> ACTION ITEM: Only the lines from the one containing "lines of L3 L5" through the last line of the listing are to be given again, exactly as they appear.

> DATA:

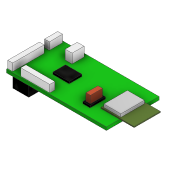
# Autodesk Inventor part: Nordic_PCB
Saved by Autodesk Inventor 2022.3 (Build 263350000, 350)
## iProperties
Created: 2023-07-18
Part Number: Nordic_PCB
Material: Genérico
Document SubType Name: Modeling
Designer: Usuario
Density: 1 g/cm^3
Appearance: Valor por defecto
Author: Usuario
Autodesk Inventor part; units mm, degrees
ref_plane "YZ Plane" through (0, 0, 0) normal (1, 0, 0) x (0, 1, 0)
ref_plane "XZ Plane" through (0, 0, 0) normal (0, 1, 0) x (-1, 0, 0)
ref_plane "XY Plane" through (0, 0, 0) normal (0, 0, 1) x (1, 0, 0)
sketch "Boceto1" plane through (0, 0, 0) normal (0, 1, 0) x (-1, 0, 0)
  line L0 (-25, 13.15) -> (25, 13.15)
  line L1 (25, 13.15) -> (25, -13.15)
  line L2 (25, -13.15) -> (-25, -13.15)
  line L3 (-25, -13.15) -> (-25, 13.15)
  line L4 (-25, 13.15) -> (25, -13.15) construction
  line L5 (25, 13.15) -> (-25, -13.15) construction
  point P0 (0, 0)
  dimension "d0" = 50
  dimension "d1" = 26.3
  constraints: 12 end point, 2 midpoint, 2 parallel, 1 horizontal, 1 perpendicular
  measures "d0" distance of L1.end L2.end
  measures "d1" distance of L0.end L1.end
extrude "Extrusión1" add sketch "Boceto1" along normal blind 1.6
sketch "Boceto2" plane through (0, 1.6, 0) normal (0, 1, 0) x (1, 0, 0)
  line L0 (15.6711, -6.5623) -> (32.2824, -6.5623)
  line L1 (32.2824, -6.5623) -> (32.2824, 6.5623)
  line L2 (32.2824, 6.5623) -> (15.6711, 6.5623)
  line L3 (15.6711, 6.5623) -> (15.6711, -6.5623)
  line L4 (15.6711, -6.5623) -> (32.2824, 6.5623) construction
  line L5 (32.2824, -6.5623) -> (15.6711, 6.5623) construction
  point P0 (0, 0)
  point P1 (23.9767, 0)
  constraints: 12 end point, 2 midpoint, 2 parallel, 1 horizontal, 1 perpendicular
extrude "Extrusión2" add sketch "Boceto2" along normal blind 0.5
sketch "Boceto3" plane through (0, 2.1, 0) normal (0, 1, 0) x (1, 0, 0)
  line L0 (24.9953, -5.8962) -> (16.4546, -5.8962)
  line L1 (16.4546, -5.8962) -> (16.4546, 5.8962)
  line L2 (16.4546, 5.8962) -> (24.9953, 5.8962)
  line L3 (24.9953, 5.8962) -> (24.9953, -5.8962)
  line L4 (24.9953, -5.8962) -> (16.4546, 5.8962) construction
  line L5 (16.4546, -5.8962) -> (24.9953, 5.8962) construction
  point P0 (0, 0)
  point P1 (20.725, 0)
  constraints: 12 end point, 2 midpoint, 2 parallel, 1 horizontal, 1 perpendicular
extrude "Extrusión3" add sketch "Boceto3" along normal blind 1.5
sketch "Boceto4" plane through (0, 1.6, 0) normal (0, 1, 0) x (1, 0, 0)
  line L0 (-24.7819, -12.6535) -> (-22.3667, -12.6535)
  line L1 (-22.3667, -12.6535) -> (-22.3667, 3.0977)
  line L2 (-22.3667, 3.0977) -> (-24.7819, 3.0977)
  line L3 (-24.7819, 3.0977) -> (-24.7819, -12.6535)
  line L4 (-24.7819, 5.6879) -> (-22.3667, 5.6879)
  line L5 (-22.3667, 5.6879) -> (-22.3667, 12.3034)
  line L6 (-22.3667, 12.3034) -> (-24.7819, 12.3034)
  line L7 (-24.7819, 12.3034) -> (-24.7819, 5.6879)
  line L8 (-18.3064, -12.6535) -> (-7.2456, -12.6535)
  line L9 (-7.2456, -12.6535) -> (-7.2456, -10.0983)
  line L10 (-7.2456, -10.0983) -> (-18.3064, -10.0983)
  line L11 (-18.3064, -10.0983) -> (-18.3064, -12.6535)
  line L12 (-7.2456, -12.6535) -> (-3.8465, -12.6535)
  line L13 (-3.8465, -12.6535) -> (-3.8465, -10.0983)
  line L14 (-3.8465, -10.0983) -> (-7.2456, -10.0983)
  line L15 (-7.2456, -10.0983) -> (-7.2456, -12.6535)
  point P0 (0, 0)
  constraints: 32 end point, 8 parallel, 4 horizontal, 4 perpendicular, 4 point on line
extrude "Extrusión4" add sketch "Boceto4" along normal blind 3.7
sketch "Boceto5" plane through (0, 1.6, 0) normal (0, 1, 0) x (1, 0, 0)
  line L0 (9.1061, -9.0184) -> (12.7089, -9.0184)
  line L1 (12.7089, -9.0184) -> (12.7089, -1.3991)
  line L2 (12.7089, -1.3991) -> (9.1061, -1.3991)
  line L3 (9.1061, -1.3991) -> (9.1061, -9.0184)
  line L4 (-11.1445, -3.83) -> (-2.9401, -3.83)
  line L5 (-2.9401, -3.83) -> (-2.9401, 2.5512)
  line L6 (-2.9401, 2.5512) -> (-11.1445, 2.5512)
  line L7 (-11.1445, 2.5512) -> (-11.1445, -3.83)
  point P0 (0, 0)
  constraints: 16 end point, 4 parallel, 2 horizontal, 2 perpendicular
extrude "Extrusión5" add sketch "Boceto5" along normal blind 1
sketch "Boceto6" plane through (0, 1.6, 0) normal (0, 1, 0) x (1, 0, 0)
  line L0 (-14.2306, 5.4877) -> (-10.7922, 5.4877)
  line L1 (-10.7922, 5.4877) -> (-10.7922, 11.4752)
  line L2 (-10.7922, 11.4752) -> (-14.2306, 11.4752)
  line L3 (-14.2306, 11.4752) -> (-14.2306, 5.4877)
  point P0 (0, 0)
  constraints: 8 end point, 2 parallel, 1 horizontal, 1 perpendicular
extrude "Extrusión6" add sketch "Boceto6" along normal blind 4.7
sketch "Boceto7" plane through (0, 2.6, 0) normal (0, 1, 0) x (1, 0, 0)
  line L0 (9.8007, -8.1731) -> (12.0409, -8.1731)
  line L1 (12.0409, -8.1731) -> (12.0409, -2.1527)
  line L2 (12.0409, -2.1527) -> (9.8007, -2.1527)
  line L3 (9.8007, -2.1527) -> (9.8007, -8.1731)
  point P0 (0, 0)
  constraints: 8 end point, 2 parallel, 1 horizontal, 1 perpendicular
extrude "Extrusión7" add sketch "Boceto7" along normal blind 3.7
sketch "Boceto8" plane through (0, 0, 0) normal (0, -1, 0) x (1, 0, 0)
  line L0 (-25, -13.15) -> (-25, 13.15) projected
  line L1 (-25, 0) -> (-22.5, 0)
  line L2 (-22.5, 0) -> (-22.5, -12.5)
  line L3 (-22.5, -12.5) -> (-14.5, -12.5)
  line L4 (-24.7819, -12.3034) -> (-22.3667, -12.3034) projected
  line L5 (-22.5, -12.5) -> (-14.5, -12.5) construction
  line L6 (-14.5, -12.5) -> (-14.5, 12.5)
  line L7 (-14.5, 12.5) -> (-22.5, 12.5)
  line L8 (-25, 13.15) -> (25, 13.15) projected
  line L9 (-22.5, 12.5) -> (-22.5, 0)
  point P0 (0, 0)
  dimension "d16" = 2.5
  dimension "d17" = 12.5
  dimension "d18" = 8
  dimension "d19" = 0
  dimension "d20" = 25
  constraints: 14 end point, 3 perpendicular, 2 horizontal, 2 parallel, 1 collinear, 1 midpoint
  measures "d16" distance of L1.start L1.end
  measures "d17" distance of L1.end L2.end
  measures "d18" distance of L2.end L3.end
  measures "d19" distance between parallel lines of L3 L5
  measures "d20" distance of L3.end L6.end
extrude "Extrusión8" add sketch "Boceto8" along normal blind 5.7

> TASK RESULT:
  measures "d19" distance between parallel lines of L3 L5
  measures "d20" distance of L3.end L6.end
extrude "Extrusión8" add sketch "Boceto8" along normal blind 5.7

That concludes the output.